*** Source information

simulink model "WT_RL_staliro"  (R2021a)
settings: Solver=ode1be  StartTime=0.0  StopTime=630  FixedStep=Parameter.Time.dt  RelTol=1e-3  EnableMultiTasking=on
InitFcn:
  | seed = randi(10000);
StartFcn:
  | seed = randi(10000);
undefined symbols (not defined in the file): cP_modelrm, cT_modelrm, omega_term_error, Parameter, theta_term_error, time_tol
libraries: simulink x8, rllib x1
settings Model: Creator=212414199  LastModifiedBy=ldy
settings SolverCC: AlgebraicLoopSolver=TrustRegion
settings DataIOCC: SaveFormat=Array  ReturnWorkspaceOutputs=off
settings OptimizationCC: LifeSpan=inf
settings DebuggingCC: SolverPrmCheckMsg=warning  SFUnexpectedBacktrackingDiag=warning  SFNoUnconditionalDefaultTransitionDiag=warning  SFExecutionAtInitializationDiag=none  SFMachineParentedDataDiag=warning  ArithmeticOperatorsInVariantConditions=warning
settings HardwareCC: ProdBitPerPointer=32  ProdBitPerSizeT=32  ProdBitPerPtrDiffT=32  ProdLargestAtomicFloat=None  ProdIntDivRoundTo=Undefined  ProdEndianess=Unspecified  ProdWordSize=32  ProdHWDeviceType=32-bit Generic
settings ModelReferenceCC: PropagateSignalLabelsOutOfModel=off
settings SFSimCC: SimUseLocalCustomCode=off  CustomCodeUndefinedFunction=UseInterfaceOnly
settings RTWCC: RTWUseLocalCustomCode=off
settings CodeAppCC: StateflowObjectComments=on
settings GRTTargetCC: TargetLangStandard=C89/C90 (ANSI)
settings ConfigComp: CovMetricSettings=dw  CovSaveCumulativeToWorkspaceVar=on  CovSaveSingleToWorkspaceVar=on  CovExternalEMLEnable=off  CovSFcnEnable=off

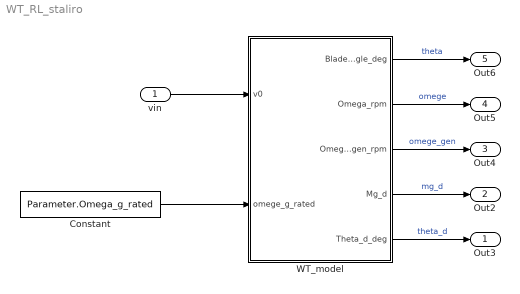
== system WT_RL_staliro ==
  vin : Inport
  Constant : Constant  Value=Parameter.Omega_g_rated
  WT_model : Subsystem
  Out3 : Outport  VectorParamsAs1DForOutWhenUnconnected=off
  Out2 : Outport  Port=2  VectorParamsAs1DForOutWhenUnconnected=off
  Out4 : Outport  Port=3  VectorParamsAs1DForOutWhenUnconnected=off
  Out5 : Outport  Port=4  VectorParamsAs1DForOutWhenUnconnected=off
  Out6 : Outport  Port=5  VectorParamsAs1DForOutWhenUnconnected=off
  wires:
  WT_model/1(BladePitchAngle_deg) -> Out6/1  "theta"
  WT_model/2(Omega_rpm) -> Out5/1  "omege"
  WT_model/3(Omega_gen_rpm) -> Out4/1  "omege_gen"
  Constant/1 -> WT_model/2(omege_g_rated)
  WT_model/5(Theta_d_deg) -> Out3/1  "theta_d"
  WT_model/4(Mg_d) -> Out2/1  "mg_d"
  vin/1 -> WT_model/1(v0)

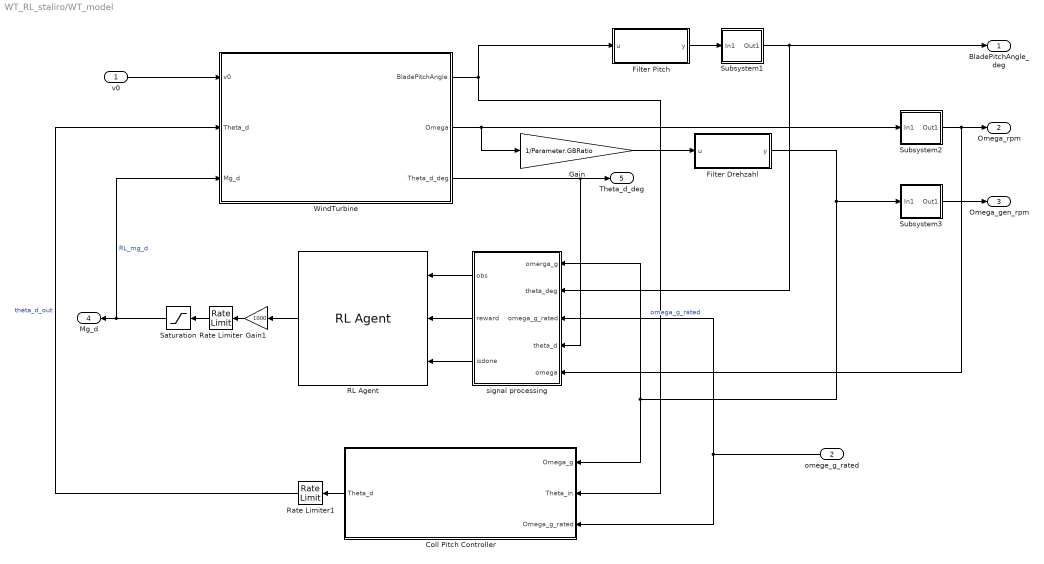
== system WT_RL_staliro/WT_model ==
  v0 : Inport
  omege_g_rated : Inport  Port=2
  Coll Pitch Controller : Subsystem
  Filter Drehzahl : Subsystem
  Filter Pitch : Subsystem
  Gain : Gain  Gain=1/Parameter.GBRatio
  Gain1 : Gain  Gain=1000
  RL Agent : rllib/RL Agent  Agent=agent  ExternalActionAsInput=off  ProvideCumRwd=off  TreatAsDirectFeedthrough=on
  Rate Limiter : RateLimiter  RisingSlewLimit=Parameter.VSControl.VS_MaxRat  FallingSlewLimit=-Parameter.VSControl.VS_MaxRat  SampleTimeMode=inherited
  Rate Limiter1 : RateLimiter  RisingSlewLimit=Parameter.Pitch.RateLimit  FallingSlewLimit=-Parameter.Pitch.RateLimit  SampleTimeMode=inherited  InitialCondition=Parameter.Pitch.ThetaDot0
  Saturation : Saturate  UpperLimit=Parameter.VSControl.VS_MaxTq  LowerLimit=-inf
  Subsystem1 : Subsystem
      mask Display: disp('rad2deg')
  Subsystem2 : Subsystem
      mask Display: disp('rad/s2rpm')
  Subsystem3 : Subsystem
      mask Display: disp('rad/s2rpm')
  WindTurbine : Subsystem
  signal processing : Subsystem
  BladePitchAngle_deg : Outport  VectorParamsAs1DForOutWhenUnconnected=off
  Omega_rpm : Outport  Port=2  VectorParamsAs1DForOutWhenUnconnected=off
  Omega_gen_rpm : Outport  Port=3  VectorParamsAs1DForOutWhenUnconnected=off
  Mg_d : Outport  Port=4  VectorParamsAs1DForOutWhenUnconnected=off
  Theta_d_deg : Outport  Port=5  VectorParamsAs1DForOutWhenUnconnected=off
  wires:
  Subsystem1/1(Out1) -> signal processing/2(theta_deg), BladePitchAngle_deg/1
  RL Agent/1 -> Gain1/1
  Subsystem3/1(Out1) -> Omega_gen_rpm/1
  Saturation/1 -> WindTurbine/3(Mg_d), Mg_d/1  "RL_mg_d"
  Rate Limiter/1 -> Saturation/1
  v0/1 -> WindTurbine/1(v0)
  WindTurbine/1(BladePitchAngle) -> Coll Pitch Controller/2(Theta_in), Filter Pitch/1(u)
  Filter Drehzahl/1(y) -> Coll Pitch Controller/1(Omega_g), signal processing/1(omerga_g), Subsystem3/1(In1)
  Subsystem2/1(Out1) -> signal processing/5(omega), Omega_rpm/1
  omege_g_rated/1 -> signal processing/3(omega_g_rated), Coll Pitch Controller/3(Omega_g_rated)  "omega_g_rated"
  Filter Pitch/1(y) -> Subsystem1/1(In1)
  Gain/1 -> Filter Drehzahl/1(u)
  WindTurbine/2(Omega) -> Gain/1, Subsystem2/1(In1)
  WindTurbine/3(Theta_d_deg) -> Theta_d_deg/1, signal processing/4(theta_d)
  signal processing/1(obs) -> RL Agent/1
  signal processing/2(reward) -> RL Agent/2
  signal processing/3(isdone) -> RL Agent/3
  Coll Pitch Controller/1(Theta_d) -> Rate Limiter1/1
  Gain1/1 -> Rate Limiter/1
  Rate Limiter1/1 -> WindTurbine/2(Theta_d)  "theta_d_out"

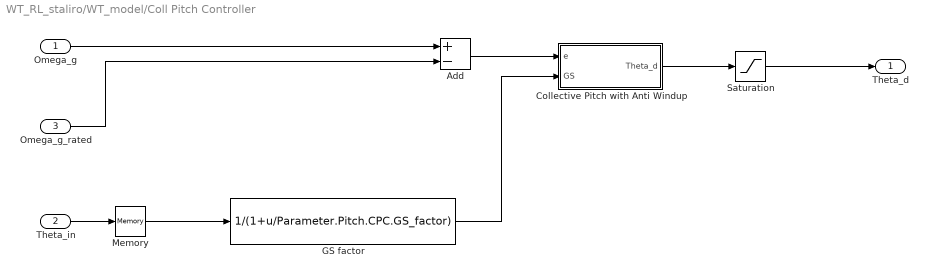
== system WT_RL_staliro/WT_model/Coll Pitch Controller ==
  Omega_g : Inport
  Theta_in : Inport  Port=2
  Omega_g_rated : Inport  Port=3
  Add : Sum  Inputs=+-
  Collective Pitch with Anti Windup : Subsystem
  "GS factor " : Fcn  Expr=1/(1+u/Parameter.Pitch.CPC.GS_factor)
  Memory : Memory  InitialCondition=Parameter.Pitch.Theta0
  Saturation : Saturate  UpperLimit=0.24  LowerLimit=0
  Theta_d : Outport  VectorParamsAs1DForOutWhenUnconnected=off
  wires:
  Omega_g/1 -> Add/1
  Omega_g_rated/1 -> Add/2
  Theta_in/1 -> Memory/1
  Memory/1 -> "GS factor "/1
  Add/1 -> Collective Pitch with Anti Windup/1(e)
  "GS factor "/1 -> Collective Pitch with Anti Windup/2(GS)
  Collective Pitch with Anti Windup/1(Theta_d) -> Saturation/1
  Saturation/1 -> Theta_d/1

== system WT_RL_staliro/WT_model/Filter Drehzahl ==
  u : Inport
  Add3 : Sum  Inputs=+-
  Gain2 : Gain  Gain=1/Parameter.VSControl.FilterConstant  SaturateOnIntegerOverflow=on  OutDataTypeStr=Inherit: Same as input  ParamDataTypeStr=Inherit: Same as input
  Integrator1 : Integrator  InitialCondition=Parameter.Omega_g0
  y : Outport  VectorParamsAs1DForOutWhenUnconnected=off
  wires:
  Gain2/1 -> Integrator1/1
  Integrator1/1 -> Add3/2, y/1
  Add3/1 -> Gain2/1
  u/1 -> Add3/1

== system WT_RL_staliro/WT_model/Filter Pitch ==
  u : Inport
  Add3 : Sum  Inputs=+-
  Gain2 : Gain  Gain=1/Parameter.Pitch.FilterConstant  SaturateOnIntegerOverflow=on  OutDataTypeStr=Inherit: Same as input  ParamDataTypeStr=Inherit: Same as input
  Integrator1 : Integrator  InitialCondition=Parameter.Pitch.Theta0
  y : Outport  VectorParamsAs1DForOutWhenUnconnected=off
  wires:
  Gain2/1 -> Integrator1/1
  Integrator1/1 -> Add3/2, y/1
  Add3/1 -> Gain2/1
  u/1 -> Add3/1

== system WT_RL_staliro/WT_model/Subsystem1 ==
  In1 : Inport
  rad in deg : Gain  Gain=360/2/pi  SaturateOnIntegerOverflow=on  OutDataTypeStr=Inherit: Same as input  ParamDataTypeStr=Inherit: Same as input
  Out1 : Outport  VectorParamsAs1DForOutWhenUnconnected=off
  wires:
  In1/1 -> rad in deg/1
  rad in deg/1 -> Out1/1

== system WT_RL_staliro/WT_model/Subsystem2 ==
  In1 : Inport
  rad/s in rpm : Gain  Gain=60/2/pi  SaturateOnIntegerOverflow=on  OutDataTypeStr=Inherit: Same as input  ParamDataTypeStr=Inherit: Same as input
  Out1 : Outport  VectorParamsAs1DForOutWhenUnconnected=off
  wires:
  In1/1 -> rad/s in rpm/1
  rad/s in rpm/1 -> Out1/1

== system WT_RL_staliro/WT_model/Subsystem3 ==
  In1 : Inport
  rad/s in rpm : Gain  Gain=60/2/pi  SaturateOnIntegerOverflow=on  OutDataTypeStr=Inherit: Same as input  ParamDataTypeStr=Inherit: Same as input
  Out1 : Outport  VectorParamsAs1DForOutWhenUnconnected=off
  wires:
  In1/1 -> rad/s in rpm/1
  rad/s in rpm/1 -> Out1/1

******

- What you have to do -
Output only the stretch above from the line with "Rate Limiter1/1 ->" through the line with "with Anti Windup/2(GS)", reproduced exactly. Exclude pictures.

- Solution below -
  Rate Limiter1/1 -> WindTurbine/2(Theta_d)  "theta_d_out"

== system WT_RL_staliro/WT_model/Coll Pitch Controller ==
  Omega_g : Inport
  Theta_in : Inport  Port=2
  Omega_g_rated : Inport  Port=3
  Add : Sum  Inputs=+-
  Collective Pitch with Anti Windup : Subsystem
  "GS factor " : Fcn  Expr=1/(1+u/Parameter.Pitch.CPC.GS_factor)
  Memory : Memory  InitialCondition=Parameter.Pitch.Theta0
  Saturation : Saturate  UpperLimit=0.24  LowerLimit=0
  Theta_d : Outport  VectorParamsAs1DForOutWhenUnconnected=off
  wires:
  Omega_g/1 -> Add/1
  Omega_g_rated/1 -> Add/2
  Theta_in/1 -> Memory/1
  Memory/1 -> "GS factor "/1
  Add/1 -> Collective Pitch with Anti Windup/1(e)
  "GS factor "/1 -> Collective Pitch with Anti Windup/2(GS)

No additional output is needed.